Reversed-Phase High-Performance Liquid Chromatographic Separation of Wheat Proteinaceous Inhibitors of Insect and Mammalian Alpha-Amylases.

G.-H. Feng, M. Chen, K. J. Kramer, and G. R. Reeck. Copyright 1991 by the American Association of Cereal Chemists, Inc. 

A heat-treated 0.15M NaCl extract of wheat flour was separated into four proteinaceous fractions by ammonium sulfate precipitation. Each fraction had a distinct composition of polypeptides with apparent molecular mass of approximately 14 kDa and a distinct inhibitory spectrum of activity against human, porcine, and insect (confused flour beetle and rice weevil) alpha-amylases. More than 10 peaks in each fraction were resolved by reversed-phase high-performance liquid chromatograph (RP-HPLC) with mixtures of acetonitrile and H2O as the mobile phase.

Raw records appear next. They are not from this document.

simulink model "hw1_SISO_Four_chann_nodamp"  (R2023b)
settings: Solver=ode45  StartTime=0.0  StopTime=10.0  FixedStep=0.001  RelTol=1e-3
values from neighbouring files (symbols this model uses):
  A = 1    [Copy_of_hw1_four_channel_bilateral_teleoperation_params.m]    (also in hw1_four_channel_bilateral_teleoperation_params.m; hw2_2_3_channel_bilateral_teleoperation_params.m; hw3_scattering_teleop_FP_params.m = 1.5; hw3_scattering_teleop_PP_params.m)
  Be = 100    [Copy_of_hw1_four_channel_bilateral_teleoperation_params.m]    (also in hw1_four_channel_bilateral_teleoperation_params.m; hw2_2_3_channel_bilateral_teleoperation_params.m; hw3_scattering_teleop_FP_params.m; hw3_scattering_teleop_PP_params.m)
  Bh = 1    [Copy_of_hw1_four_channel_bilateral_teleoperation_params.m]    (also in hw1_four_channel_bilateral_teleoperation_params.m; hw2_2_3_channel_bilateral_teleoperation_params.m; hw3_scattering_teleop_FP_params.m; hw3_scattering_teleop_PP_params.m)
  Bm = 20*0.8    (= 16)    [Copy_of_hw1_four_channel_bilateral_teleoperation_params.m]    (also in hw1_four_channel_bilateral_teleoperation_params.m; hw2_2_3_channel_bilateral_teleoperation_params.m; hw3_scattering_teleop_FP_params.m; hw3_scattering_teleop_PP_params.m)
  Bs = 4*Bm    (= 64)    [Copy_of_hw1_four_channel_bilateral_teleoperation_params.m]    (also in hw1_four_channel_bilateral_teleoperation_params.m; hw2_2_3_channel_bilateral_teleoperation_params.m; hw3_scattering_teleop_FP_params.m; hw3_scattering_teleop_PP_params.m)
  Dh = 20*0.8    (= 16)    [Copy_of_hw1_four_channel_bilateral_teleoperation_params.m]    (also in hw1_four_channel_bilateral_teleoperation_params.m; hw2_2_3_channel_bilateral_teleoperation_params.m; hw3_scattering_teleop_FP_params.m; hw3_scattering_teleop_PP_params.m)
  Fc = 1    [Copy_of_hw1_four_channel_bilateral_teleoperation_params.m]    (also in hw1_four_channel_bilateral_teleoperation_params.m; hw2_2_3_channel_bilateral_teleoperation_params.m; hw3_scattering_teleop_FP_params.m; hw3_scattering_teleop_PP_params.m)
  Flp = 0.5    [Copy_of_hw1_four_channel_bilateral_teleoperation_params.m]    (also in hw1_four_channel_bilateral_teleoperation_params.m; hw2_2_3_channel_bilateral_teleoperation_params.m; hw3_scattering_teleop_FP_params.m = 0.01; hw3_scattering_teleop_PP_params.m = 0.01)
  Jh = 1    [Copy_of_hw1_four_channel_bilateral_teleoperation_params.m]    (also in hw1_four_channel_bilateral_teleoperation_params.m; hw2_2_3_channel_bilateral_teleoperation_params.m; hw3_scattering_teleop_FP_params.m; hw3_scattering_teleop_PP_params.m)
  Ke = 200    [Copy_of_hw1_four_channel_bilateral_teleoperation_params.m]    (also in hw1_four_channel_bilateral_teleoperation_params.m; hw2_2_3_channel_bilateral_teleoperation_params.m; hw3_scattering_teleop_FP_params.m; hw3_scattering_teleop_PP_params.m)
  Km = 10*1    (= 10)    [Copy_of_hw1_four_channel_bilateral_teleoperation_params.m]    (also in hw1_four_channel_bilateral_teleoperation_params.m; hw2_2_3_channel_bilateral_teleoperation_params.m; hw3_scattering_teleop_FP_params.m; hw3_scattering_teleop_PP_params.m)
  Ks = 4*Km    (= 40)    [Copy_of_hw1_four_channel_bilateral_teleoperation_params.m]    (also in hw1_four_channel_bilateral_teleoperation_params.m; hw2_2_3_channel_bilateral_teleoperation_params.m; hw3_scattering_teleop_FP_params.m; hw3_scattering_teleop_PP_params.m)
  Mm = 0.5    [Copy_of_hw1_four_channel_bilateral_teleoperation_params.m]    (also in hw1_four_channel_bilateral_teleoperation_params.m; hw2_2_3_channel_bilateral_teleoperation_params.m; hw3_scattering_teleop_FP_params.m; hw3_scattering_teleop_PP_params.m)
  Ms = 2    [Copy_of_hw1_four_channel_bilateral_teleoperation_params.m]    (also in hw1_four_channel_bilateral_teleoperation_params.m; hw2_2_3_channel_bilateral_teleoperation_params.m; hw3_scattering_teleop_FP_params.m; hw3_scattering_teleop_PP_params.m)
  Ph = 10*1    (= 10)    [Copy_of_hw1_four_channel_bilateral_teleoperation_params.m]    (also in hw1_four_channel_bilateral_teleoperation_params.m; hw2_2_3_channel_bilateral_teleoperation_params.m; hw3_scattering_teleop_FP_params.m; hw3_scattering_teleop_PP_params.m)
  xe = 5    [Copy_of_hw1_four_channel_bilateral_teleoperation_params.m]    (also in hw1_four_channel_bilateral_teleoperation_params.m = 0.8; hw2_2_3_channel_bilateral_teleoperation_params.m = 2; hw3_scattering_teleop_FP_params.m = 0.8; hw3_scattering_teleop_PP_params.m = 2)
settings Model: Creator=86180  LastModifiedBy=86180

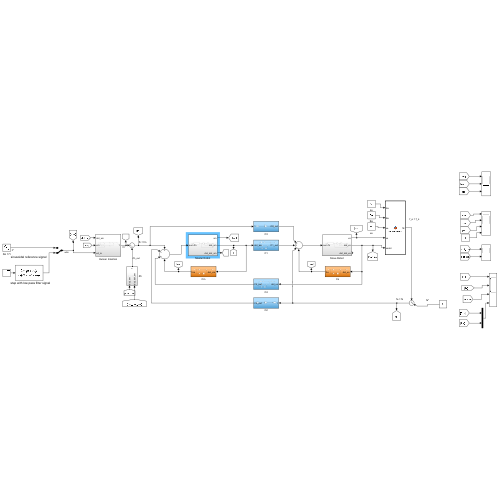
[thumbnail: Simulink's stored preview of the top-level diagram]
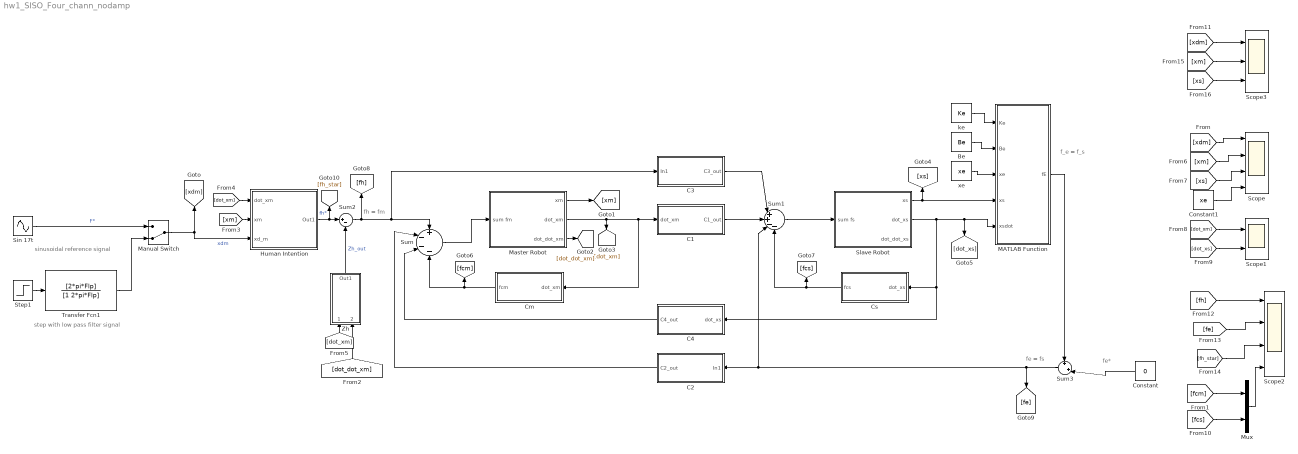
== system hw1_SISO_Four_chann_nodamp ==
  note: f_e = f_s
  note: fe*
  note: fe = fs
  note: fh = fm
  note: sinusoidal reference signal
  note: step with low pass filter signal
  Be : Constant  Value=Be
  C1 : Subsystem
  C2 : Subsystem
  C3 : Subsystem
  C4 : Subsystem
  Cm : Subsystem
  Constant : Constant  Value=0
  Constant1 : Constant  Value=xe
  Cs : Subsystem
  Human Intention : Subsystem
  MATLAB Function : MATLAB Function  TreatAsAtomicUnit=on
  Manual Switch : ManualSwitch  CurrentSetting=0
  Master Robot : Subsystem
  Mux : Mux  Inputs=2
  Scope : Scope  NumInputPorts=4
  Scope1 : Scope  NumInputPorts=2
  Scope2 : Scope  NumInputPorts=4
  Scope3 : Scope  NumInputPorts=3
  Sin 17t : Sin  Amplitude=A  Frequency=2*pi*Fc  SampleTime=0
  Slave Robot : Subsystem
  Step1 : Step  Time=0.5  After=A  SampleTime=0
  Sum : Sum  Inputs=+---
  Sum1 : Sum  Inputs=|++--
  Sum2 : Sum  Inputs=|+-
  Sum3 : Sum  Inputs=+|+|
  Transfer Fcn1 : TransferFcn  Numerator=[2*pi*Flp]  Denominator=[1 2*pi*Flp]
  Zh : Subsystem
  ke : Constant  Value=Ke
  xe : Constant  Value=xe
  wires:
  Manual Switch/1 -> Human Intention/3(xd_m), [xdm]  "xdm"
  Zh/1(Out1) -> Sum2/2  "Zh_out"
  Transfer Fcn1/1 -> Manual Switch/2
  Human Intention/1(Out1) -> [fh_star], Sum2/1  "fh*"
  Sin 17t/1 -> Manual Switch/1  "F*"
  Step1/1 -> Transfer Fcn1/1
  ke/1 -> MATLAB Function/1(Ke)
  xe/1 -> MATLAB Function/3(xe)
  Slave Robot/1(xs) -> MATLAB Function/4(xs), [xs]
  MATLAB Function/1(fE) -> Sum3/1
  Be/1 -> MATLAB Function/2(Be)
  Sum2/1 -> C3/1(In1), Sum/1, [fh]
  Master Robot/2(dot_xm) -> [dot_xm], Cm/1(dot_xm), C1/1(dot_xm)
  Cm/1(fcm) -> [fcm], Sum/4
  C1/1(C1_out) -> Sum1/2
  C4/1(C4_out) -> Sum/3
  C2/1(C2_out) -> Sum/2
  C3/1(C3_out) -> Sum1/1
  Slave Robot/2(dot_xs) -> Cs/1(dot_xs), C4/1(dot_xs), [dot_xs], MATLAB Function/5(xsdot)
  Cs/1(fcs) -> [fcs], Sum1/4
  Sum3/1 -> [fe], Sum1/3, C2/1(In1)
  Constant/1 -> Sum3/2
  [xdm] -> Scope/1
  Master Robot/1(xm) -> [xm]
  Master Robot/3(dot_dot_xm) -> [dot_dot_xm]
  [dot_dot_xm] -> Zh/2(dot_dot_xm)
  [xm] -> Human Intention/2(xm)
  [dot_xm] -> Human Intention/1(dot_xm)
  Sum/1 -> Master Robot/1(sum fm)
  [dot_xm] -> Zh/1(dot_xm)
  [xm] -> Scope/2
  [xs] -> Scope/3
  [dot_xm] -> Scope1/1
  [dot_xs] -> Scope1/2
  Sum1/1 -> Slave Robot/1(sum fs)
  [fh] -> Scope2/1
  [fe] -> Scope2/2
  [fh_star] -> Scope2/3
  [fcs] -> Mux/2
  [fcm] -> Mux/1
  Mux/1 -> Scope2/4
  Constant1/1 -> Scope/4
  [xdm] -> Scope3/1
  [xs] -> Scope3/3
  [xm] -> Scope3/2

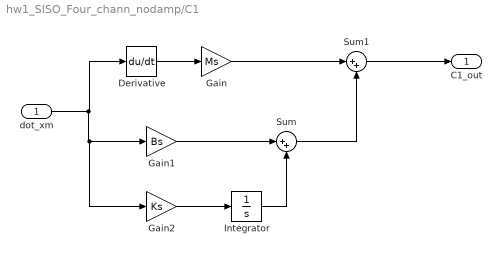
== system hw1_SISO_Four_chann_nodamp/C1 ==
  dot_xm : Inport
  Derivative : Derivative
  Gain : Gain  Gain=Ms
  Gain1 : Gain  Gain=Bs
  Gain2 : Gain  Gain=Ks
  Integrator : Integrator
  Sum : Sum  Inputs=|++
  Sum1 : Sum  Inputs=|++
  C1_out : Outport
  wires:
  dot_xm/1 -> Gain2/1, Gain1/1, Derivative/1
  Derivative/1 -> Gain/1
  Gain2/1 -> Integrator/1
  Gain1/1 -> Sum/1
  Integrator/1 -> Sum/2
  Sum/1 -> Sum1/2
  Gain/1 -> Sum1/1
  Sum1/1 -> C1_out/1

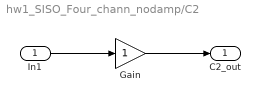
== system hw1_SISO_Four_chann_nodamp/C2 ==
  In1 : Inport
  Gain : Gain
  C2_out : Outport
  wires:
  In1/1 -> Gain/1
  Gain/1 -> C2_out/1

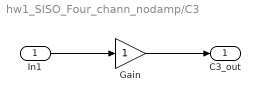
== system hw1_SISO_Four_chann_nodamp/C3 ==
  In1 : Inport
  Gain : Gain
  C3_out : Outport
  wires:
  In1/1 -> Gain/1
  Gain/1 -> C3_out/1

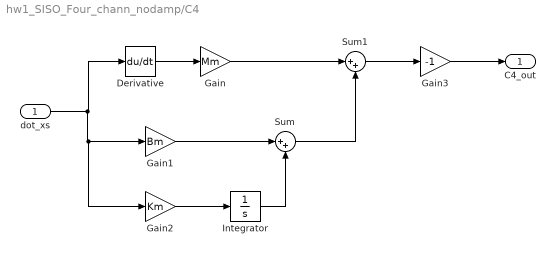
== system hw1_SISO_Four_chann_nodamp/C4 ==
  dot_xs : Inport
  Derivative : Derivative
  Gain : Gain  Gain=Mm
  Gain1 : Gain  Gain=Bm
  Gain2 : Gain  Gain=Km
  Gain3 : Gain  Gain=-1
  Integrator : Integrator
  Sum : Sum  Inputs=|++
  Sum1 : Sum  Inputs=|++
  C4_out : Outport
  wires:
  dot_xs/1 -> Gain2/1, Gain1/1, Derivative/1
  Derivative/1 -> Gain/1
  Gain2/1 -> Integrator/1
  Gain1/1 -> Sum/1
  Integrator/1 -> Sum/2
  Sum/1 -> Sum1/2
  Gain/1 -> Sum1/1
  Sum1/1 -> Gain3/1
  Gain3/1 -> C4_out/1

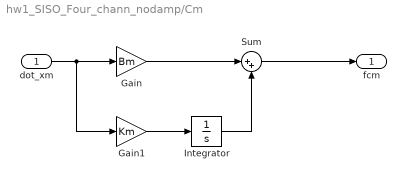
== system hw1_SISO_Four_chann_nodamp/Cm ==
  dot_xm : Inport
  Gain : Gain  Gain=Bm
  Gain1 : Gain  Gain=Km
  Integrator : Integrator
  Sum : Sum  Inputs=|++
  fcm : Outport
  wires:
  dot_xm/1 -> Gain1/1, Gain/1
  Gain1/1 -> Integrator/1
  Gain/1 -> Sum/1
  Integrator/1 -> Sum/2
  Sum/1 -> fcm/1

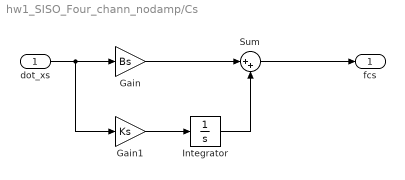
== system hw1_SISO_Four_chann_nodamp/Cs ==
  dot_xs : Inport
  Gain : Gain  Gain=Bs
  Gain1 : Gain  Gain=Ks
  Integrator : Integrator
  Sum : Sum  Inputs=|++
  fcs : Outport
  wires:
  dot_xs/1 -> Gain1/1, Gain/1
  Gain1/1 -> Integrator/1
  Gain/1 -> Sum/1
  Integrator/1 -> Sum/2
  Sum/1 -> fcs/1

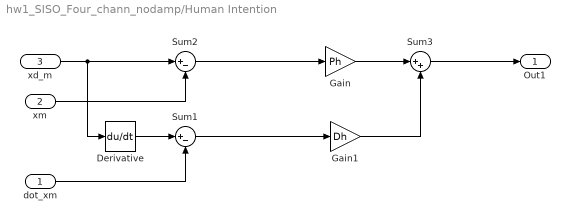
== system hw1_SISO_Four_chann_nodamp/Human Intention ==
  dot_xm : Inport
  xm : Inport  Port=2
  xd_m : Inport  Port=3
  Derivative : Derivative
  Gain : Gain  Gain=Ph
  Gain1 : Gain  Gain=Dh
  Sum1 : Sum  Inputs=|+-
  Sum2 : Sum  Inputs=|+-
  Sum3 : Sum  Inputs=|++
  Out1 : Outport
  wires:
  xm/1 -> Sum2/2
  dot_xm/1 -> Sum1/2
  Sum2/1 -> Gain/1
  Sum1/1 -> Gain1/1
  Gain1/1 -> Sum3/2
  Gain/1 -> Sum3/1
  Sum3/1 -> Out1/1
  xd_m/1 -> Derivative/1, Sum2/1
  Derivative/1 -> Sum1/1

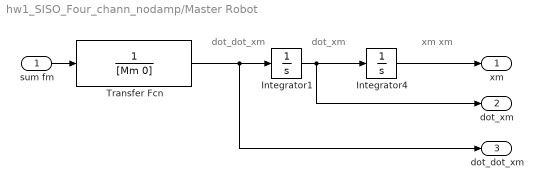
== system hw1_SISO_Four_chann_nodamp/Master Robot ==
  note: dot_dot_xm
  note: dot_xm
  note: xm
      | xm
  sum fm : Inport
  Integrator1 : Integrator
  Integrator4 : Integrator
  Transfer Fcn : TransferFcn  Denominator=[Mm 0]
  xm : Outport
  dot_xm : Outport  Port=2
  dot_dot_xm : Outport  Port=3
  wires:
  Integrator4/1 -> xm/1
  Integrator1/1 -> dot_xm/1, Integrator4/1
  Transfer Fcn/1 -> dot_dot_xm/1, Integrator1/1
  sum fm/1 -> Transfer Fcn/1

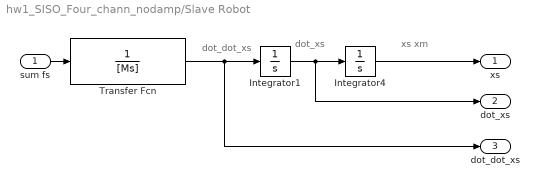
== system hw1_SISO_Four_chann_nodamp/Slave Robot ==
  note: dot_dot_xs
  note: dot_xs
  note: xs
      | xm
  sum fs : Inport
  Integrator1 : Integrator
  Integrator4 : Integrator
  Transfer Fcn : TransferFcn  Denominator=[Ms]
  xs : Outport
  dot_xs : Outport  Port=2
  dot_dot_xs : Outport  Port=3
  wires:
  Integrator4/1 -> xs/1
  Integrator1/1 -> dot_xs/1, Integrator4/1
  Transfer Fcn/1 -> dot_dot_xs/1, Integrator1/1
  sum fs/1 -> Transfer Fcn/1

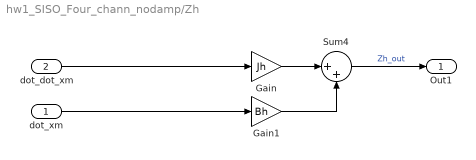
== system hw1_SISO_Four_chann_nodamp/Zh ==
  dot_xm : Inport
  dot_dot_xm : Inport  Port=2
  Gain : Gain  Gain=Jh
  Gain1 : Gain  Gain=Bh
  Sum4 : Sum  Inputs=|++
  Out1 : Outport
  wires:
  dot_dot_xm/1 -> Gain/1
  Gain1/1 -> Sum4/2
  Gain/1 -> Sum4/1
  Sum4/1 -> Out1/1  "Zh_out"
  dot_xm/1 -> Gain1/1

== matlab function hw1_SISO_Four_chann_nodamp/MATLAB Function ==
  data: Ke input; fE output; Be input; xe input; xs input; xsdot input
function fE = environment(Ke, Be, xe, xs, xsdot)
    if xs > xe
        fE = Ke * (xs - xe) + Be * xsdot; % Plot both contributions Ke and Be
    else
        fE = 0;
    end
end

RP-HPLC separations revealed more heterogeneity in wheat alpha-amylase inhibitors than was apparent from either nondenaturing or denaturing sodium dodecyl sulfate gel electrophoresis. RP-HPLC fractions were characterized further by polyacrylamide gel electrophoresis and by assaying inhibitory activity against the four different alpha-amylases. At least five different HPLC fractions were found to be selective inhibitors of insect alpha-amylases, some of which belong to the 0.28 family of inhibitors. Combining certain RP-HPLC fractions resulted in dramatic increases in inhibitory activity. These results suggest that RP-HPLC resolves the oligomeric inhibitors into their monomeric forms and that both the activity and selectivity of the inhibitors can be influenced by recombination of individual polypeptides.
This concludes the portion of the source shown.